◆ Assigned task ◆
For each line of the data below that holds "Diameter", copy the line.

◆ Records supplied ◆
....

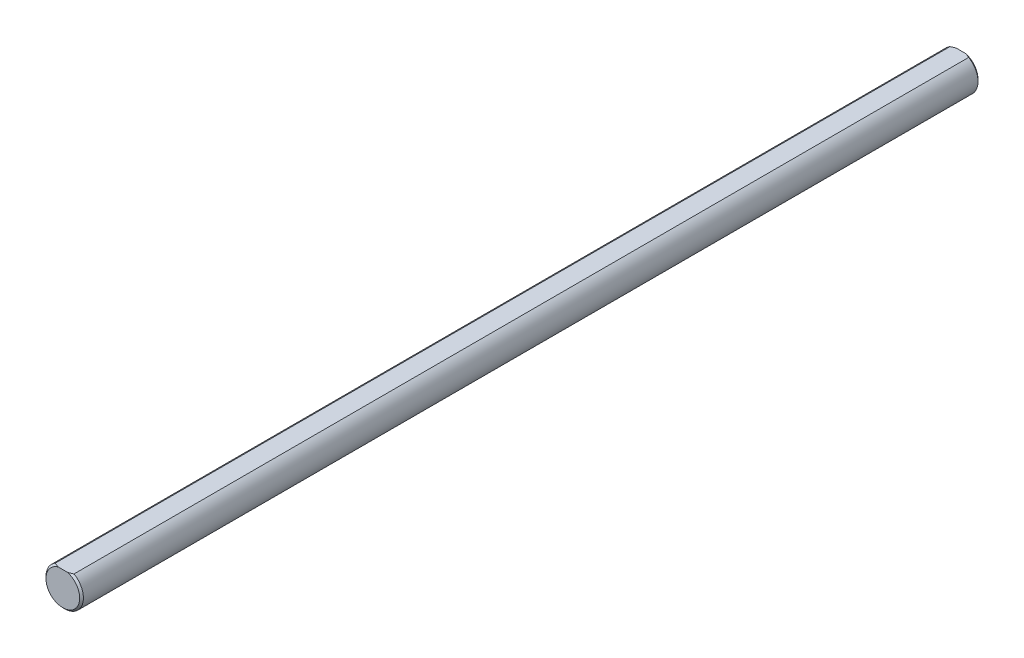
SolidWorks part; units mm, degrees
ref_plane "Front Plane" through (0, 0, 0) normal (0, 0, 1) x (1, 0, 0)
ref_plane "Top Plane" through (0, 0, 0) normal (0, 1, 0) x (1, 0, 0)
ref_plane "Right Plane" through (0, 0, 0) normal (1, 0, 0) x (0, 0, -1)
sketch "Sketch1" plane through (0, 0, 0) normal (0, 0, 1) x (1, 0, 0)
  line L0 (-1.5875, 2.7496) -> (1.5875, 2.7496) construction
  circle A1 centre (0, 0) radius 3.175 construction
  dimension "Diameter" = 6.35
  dimension "Flat Width" = 3.175
sketch "Sketch2" plane through (0, 0, 0) normal (1, 0, 0) x (0, 0, -1)
  line L0 (-76.2, 3.175) -> (76.2, 3.175) construction
  line L1 (0, 3.175) -> (0, -3.175) construction
  line L2 (0, 3.175) -> (0, -3.175) construction
  line L3 (-76.2, 3.175) -> (-76.2, -3.175) construction
  line L4 (-76.2, -3.175) -> (76.2, -3.175) construction
  point P2 (0, 3.175)
  point P3 (63.5, 3.175)
  point P4 (-63.5, 3.175)
  dimension "Length" = 152.4
  dimension "D2" = 12.7
  dimension "D1" = 12.7
  dimension "D-Profile Length" = 152.4
sketch "Sketch3" plane through (0, 0, 0) normal (0, 0, 1) x (1, 0, 0)
  circle A1 centre (0, 0) radius 3.175 construction
  circle A3 centre (0, 0) radius 3.175
extrude "Boss-Extrude2" add sketch "Sketch3" along normal up to vertex (76.2 mm away) and the other way up to vertex (76.2 mm away) up to point (0, 3.175, 76.2) other way up to point (0, 3.175, -76.2)
sketch "Sketch10" plane through (0, 0, 0) normal (0, 0, 1) x (1, 0, 0)
  line L0 (-1.5875, 2.7496) -> (1.5875, 2.7496)
  line L1 (0, 0) -> (0, 3.175) construction
  circle A0 centre (0, 0) radius 3.175 construction
  circle A1 centre (0, 0) radius 3.175 construction
  arc A2 (-1.5875, 2.7496) -> (1.5875, 2.7496) centre (0, 0) cw
extrude "Cut-Extrude5" cut sketch "Sketch10" against normal through all both and the other way through all
chamfer "Chamfer1" distance 0.3175 angle 45 4 edges at (0, -3.175, 76.2) (0, -3.175, -76.2) (0, 2.7496, -76.2) (0, 2.7496, 76.2)
equation "\"D1@Chamfer1\"= \"Diameter@Sketch1\" / 20"
equation "\"D1@Sketch2\"=\"Diameter@Sketch1\"*2"
equation "\"D2@Sketch2\"=\"D1@Sketch2\""

....

◆ Your solution ◆
  dimension "Diameter" = 6.35
equation "\"D1@Chamfer1\"= \"Diameter@Sketch1\" / 20"
equation "\"D1@Sketch2\"=\"Diameter@Sketch1\"*2"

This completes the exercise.